### Records contained in a dataset
---

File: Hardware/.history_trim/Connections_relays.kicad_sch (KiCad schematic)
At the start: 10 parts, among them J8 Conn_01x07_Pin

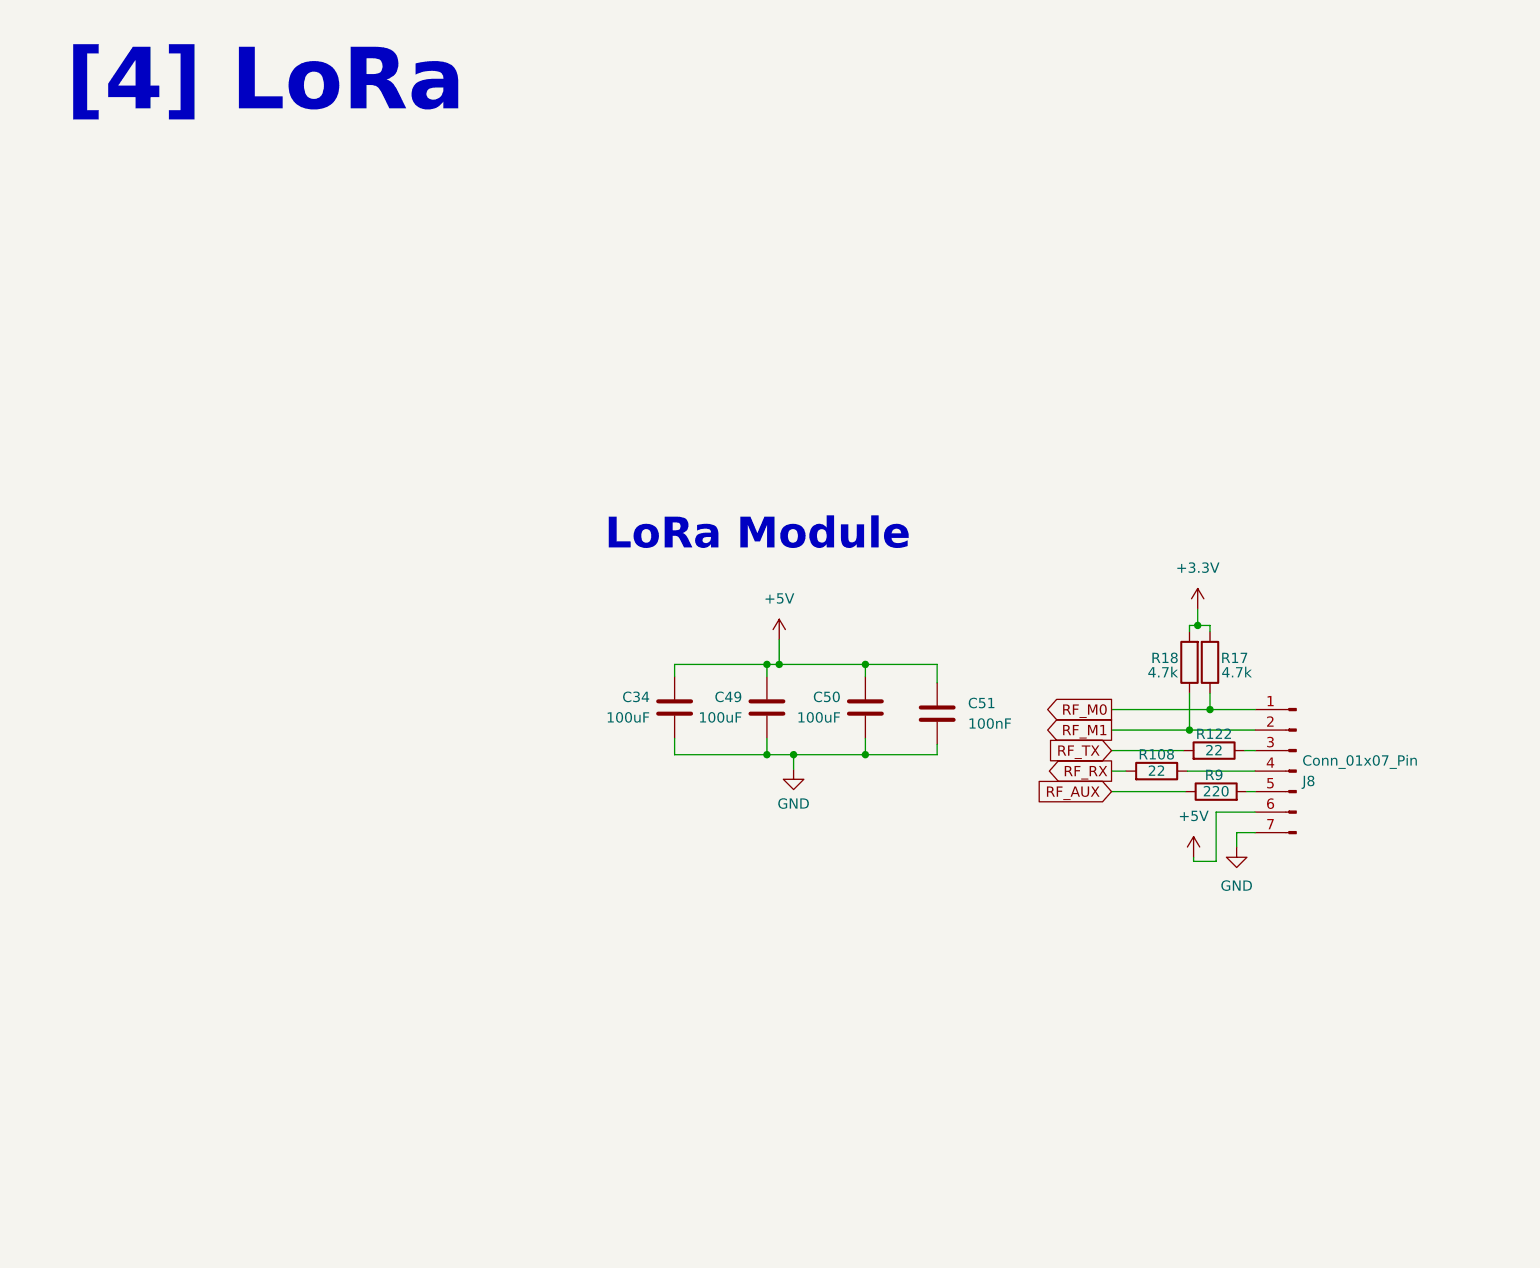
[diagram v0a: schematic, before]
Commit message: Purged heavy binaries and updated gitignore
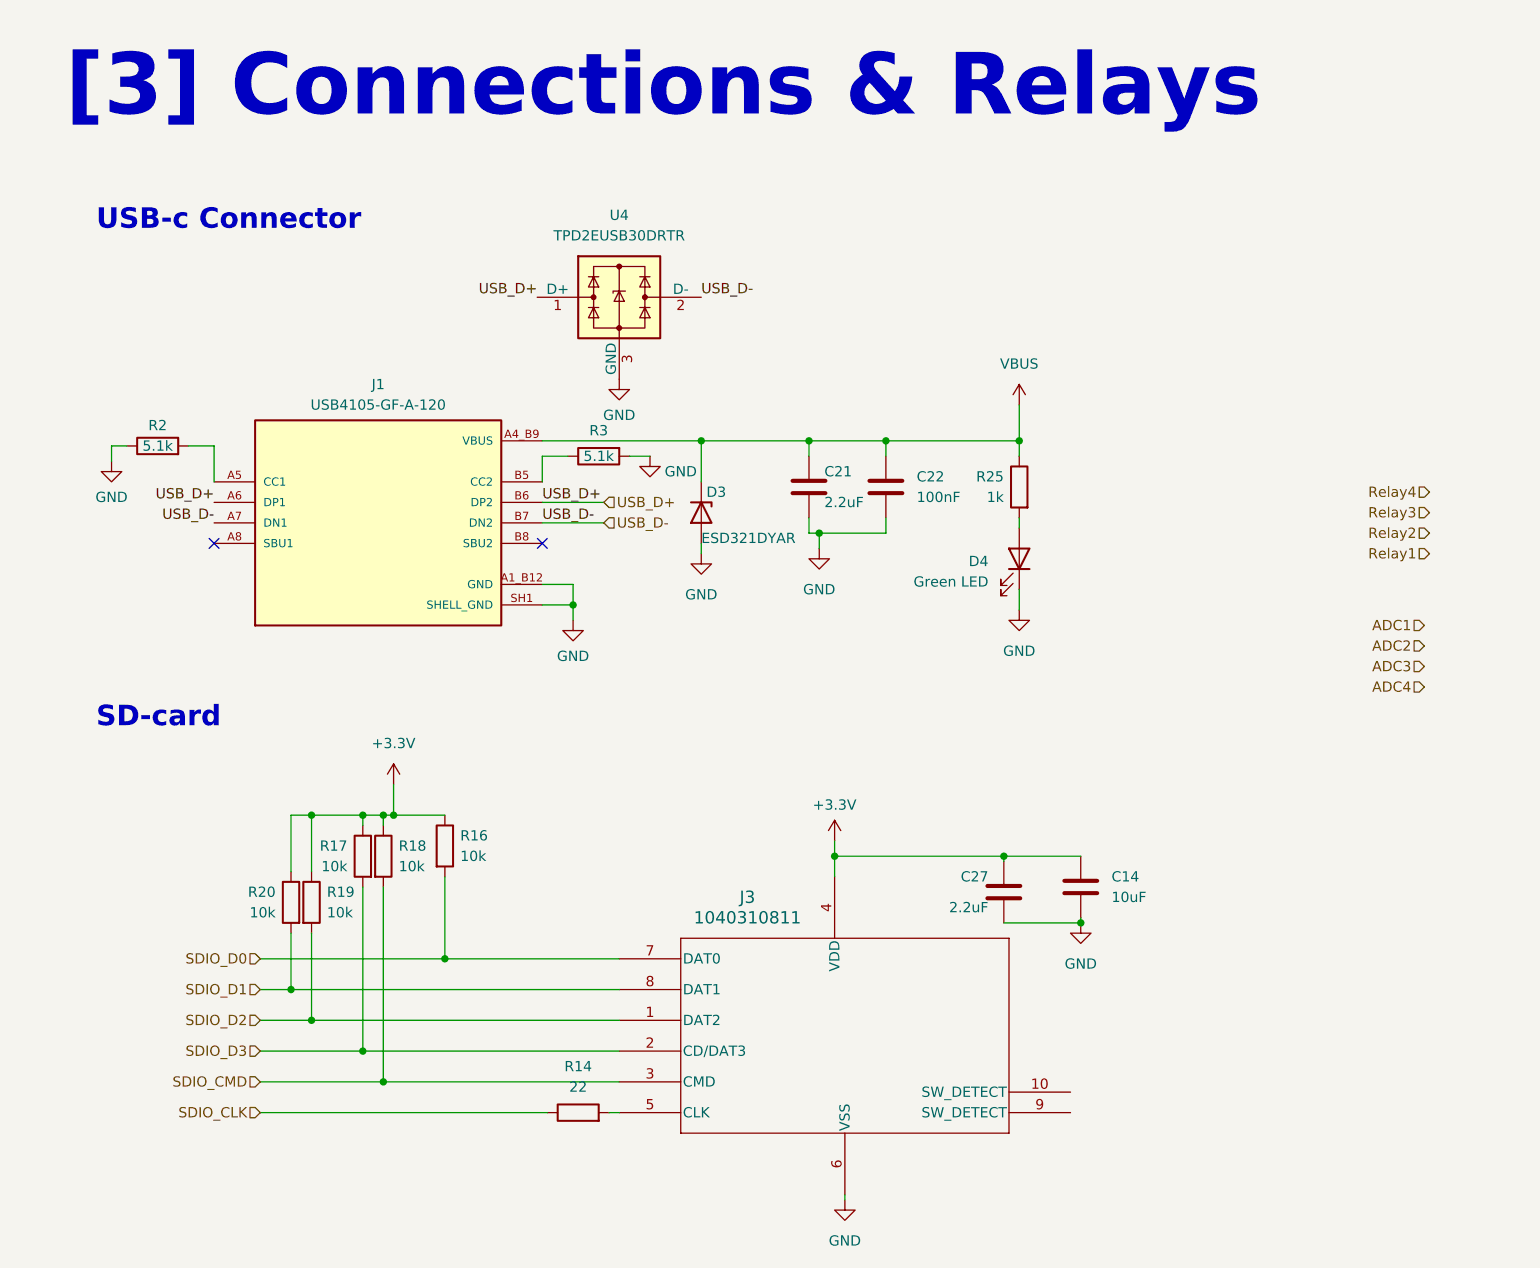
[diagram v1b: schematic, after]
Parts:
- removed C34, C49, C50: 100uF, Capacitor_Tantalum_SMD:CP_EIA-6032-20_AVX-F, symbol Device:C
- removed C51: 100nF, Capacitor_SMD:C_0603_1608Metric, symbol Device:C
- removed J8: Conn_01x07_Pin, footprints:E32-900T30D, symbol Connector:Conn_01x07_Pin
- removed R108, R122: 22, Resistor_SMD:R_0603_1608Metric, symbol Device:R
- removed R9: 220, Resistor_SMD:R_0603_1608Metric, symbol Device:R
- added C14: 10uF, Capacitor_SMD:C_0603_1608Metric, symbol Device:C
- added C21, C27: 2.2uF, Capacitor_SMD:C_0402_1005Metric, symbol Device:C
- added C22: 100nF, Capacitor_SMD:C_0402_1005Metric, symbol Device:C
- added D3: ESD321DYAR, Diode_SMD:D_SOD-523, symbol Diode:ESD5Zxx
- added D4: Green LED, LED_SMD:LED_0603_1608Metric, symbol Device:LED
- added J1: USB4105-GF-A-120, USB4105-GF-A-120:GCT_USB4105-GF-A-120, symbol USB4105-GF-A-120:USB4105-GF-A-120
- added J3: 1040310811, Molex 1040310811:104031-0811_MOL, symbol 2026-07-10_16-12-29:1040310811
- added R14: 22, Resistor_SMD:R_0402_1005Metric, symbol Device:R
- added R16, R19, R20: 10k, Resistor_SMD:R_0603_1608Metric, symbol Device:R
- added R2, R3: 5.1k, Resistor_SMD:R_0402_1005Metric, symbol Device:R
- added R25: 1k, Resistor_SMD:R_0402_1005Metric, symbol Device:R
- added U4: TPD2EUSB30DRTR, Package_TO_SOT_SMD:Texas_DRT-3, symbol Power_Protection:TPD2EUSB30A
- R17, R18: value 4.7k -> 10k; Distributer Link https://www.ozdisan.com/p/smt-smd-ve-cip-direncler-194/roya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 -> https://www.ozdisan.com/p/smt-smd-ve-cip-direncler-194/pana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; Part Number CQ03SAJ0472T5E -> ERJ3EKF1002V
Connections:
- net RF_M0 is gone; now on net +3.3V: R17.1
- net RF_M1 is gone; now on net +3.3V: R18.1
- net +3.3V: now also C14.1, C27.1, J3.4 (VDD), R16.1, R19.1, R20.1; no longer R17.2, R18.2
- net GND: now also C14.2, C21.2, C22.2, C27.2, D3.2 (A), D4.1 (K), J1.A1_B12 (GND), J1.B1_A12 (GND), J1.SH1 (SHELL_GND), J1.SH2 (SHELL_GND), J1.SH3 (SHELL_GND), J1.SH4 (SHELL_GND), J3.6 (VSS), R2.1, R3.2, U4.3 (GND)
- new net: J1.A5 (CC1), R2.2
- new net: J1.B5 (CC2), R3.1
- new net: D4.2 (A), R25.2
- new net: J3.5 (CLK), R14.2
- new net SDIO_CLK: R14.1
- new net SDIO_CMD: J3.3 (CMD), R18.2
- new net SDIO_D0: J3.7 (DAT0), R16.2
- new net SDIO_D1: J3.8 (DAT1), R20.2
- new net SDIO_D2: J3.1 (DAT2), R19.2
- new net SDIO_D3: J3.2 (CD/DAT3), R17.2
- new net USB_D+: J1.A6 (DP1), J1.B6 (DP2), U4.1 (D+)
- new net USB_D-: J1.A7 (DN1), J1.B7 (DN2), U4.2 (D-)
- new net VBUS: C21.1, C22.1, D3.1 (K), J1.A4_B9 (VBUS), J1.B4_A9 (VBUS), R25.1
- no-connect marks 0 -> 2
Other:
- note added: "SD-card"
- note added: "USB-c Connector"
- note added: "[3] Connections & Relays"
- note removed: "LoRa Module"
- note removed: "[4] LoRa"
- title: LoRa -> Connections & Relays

---

### YOUR INSTRUCTIONS
Reproduce each record from above exactly; pictures do not belong in the copy.

### TASK SOLUTION
File: Hardware/.history_trim/Connections_relays.kicad_sch (KiCad schematic)
At the start: 10 parts, among them J8 Conn_01x07_Pin

[diagram v0a: schematic, before]
Commit message: Purged heavy binaries and updated gitignore
[diagram v1b: schematic, after]
Parts:
- removed C34, C49, C50: 100uF, Capacitor_Tantalum_SMD:CP_EIA-6032-20_AVX-F, symbol Device:C
- removed C51: 100nF, Capacitor_SMD:C_0603_1608Metric, symbol Device:C
- removed J8: Conn_01x07_Pin, footprints:E32-900T30D, symbol Connector:Conn_01x07_Pin
- removed R108, R122: 22, Resistor_SMD:R_0603_1608Metric, symbol Device:R
- removed R9: 220, Resistor_SMD:R_0603_1608Metric, symbol Device:R
- added C14: 10uF, Capacitor_SMD:C_0603_1608Metric, symbol Device:C
- added C21, C27: 2.2uF, Capacitor_SMD:C_0402_1005Metric, symbol Device:C
- added C22: 100nF, Capacitor_SMD:C_0402_1005Metric, symbol Device:C
- added D3: ESD321DYAR, Diode_SMD:D_SOD-523, symbol Diode:ESD5Zxx
- added D4: Green LED, LED_SMD:LED_0603_1608Metric, symbol Device:LED
- added J1: USB4105-GF-A-120, USB4105-GF-A-120:GCT_USB4105-GF-A-120, symbol USB4105-GF-A-120:USB4105-GF-A-120
- added J3: 1040310811, Molex 1040310811:104031-0811_MOL, symbol 2026-07-10_16-12-29:1040310811
- added R14: 22, Resistor_SMD:R_0402_1005Metric, symbol Device:R
- added R16, R19, R20: 10k, Resistor_SMD:R_0603_1608Metric, symbol Device:R
- added R2, R3: 5.1k, Resistor_SMD:R_0402_1005Metric, symbol Device:R
- added R25: 1k, Resistor_SMD:R_0402_1005Metric, symbol Device:R
- added U4: TPD2EUSB30DRTR, Package_TO_SOT_SMD:Texas_DRT-3, symbol Power_Protection:TPD2EUSB30A
- R17, R18: value 4.7k -> 10k; Distributer Link https://www.ozdisan.com/p/smt-smd-ve-cip-direncler-194/roya -> https://www.ozdisan.com/p/smt-smd-ve-cip-direncler-194/pana; Part Number CQ03SAJ0472T5E -> ERJ3EKF1002V
Connections:
- net RF_M0 is gone; now on net +3.3V: R17.1
- net RF_M1 is gone; now on net +3.3V: R18.1
- net +3.3V: now also C14.1, C27.1, J3.4 (VDD), R16.1, R19.1, R20.1; no longer R17.2, R18.2
- net GND: now also C14.2, C21.2, C22.2, C27.2, D3.2 (A), D4.1 (K), J1.A1_B12 (GND), J1.B1_A12 (GND), J1.SH1 (SHELL_GND), J1.SH2 (SHELL_GND), J1.SH3 (SHELL_GND), J1.SH4 (SHELL_GND), J3.6 (VSS), R2.1, R3.2, U4.3 (GND)
- new net: J1.A5 (CC1), R2.2
- new net: J1.B5 (CC2), R3.1
- new net: D4.2 (A), R25.2
- new net: J3.5 (CLK), R14.2
- new net SDIO_CLK: R14.1
- new net SDIO_CMD: J3.3 (CMD), R18.2
- new net SDIO_D0: J3.7 (DAT0), R16.2
- new net SDIO_D1: J3.8 (DAT1), R20.2
- new net SDIO_D2: J3.1 (DAT2), R19.2
- new net SDIO_D3: J3.2 (CD/DAT3), R17.2
- new net USB_D+: J1.A6 (DP1), J1.B6 (DP2), U4.1 (D+)
- new net USB_D-: J1.A7 (DN1), J1.B7 (DN2), U4.2 (D-)
- new net VBUS: C21.1, C22.1, D3.1 (K), J1.A4_B9 (VBUS), J1.B4_A9 (VBUS), R25.1
- no-connect marks 0 -> 2
Other:
- note added: "SD-card"
- note added: "USB-c Connector"
- note added: "[3] Connections & Relays"
- note removed: "LoRa Module"
- note removed: "[4] LoRa"
- title: LoRa -> Connections & Relays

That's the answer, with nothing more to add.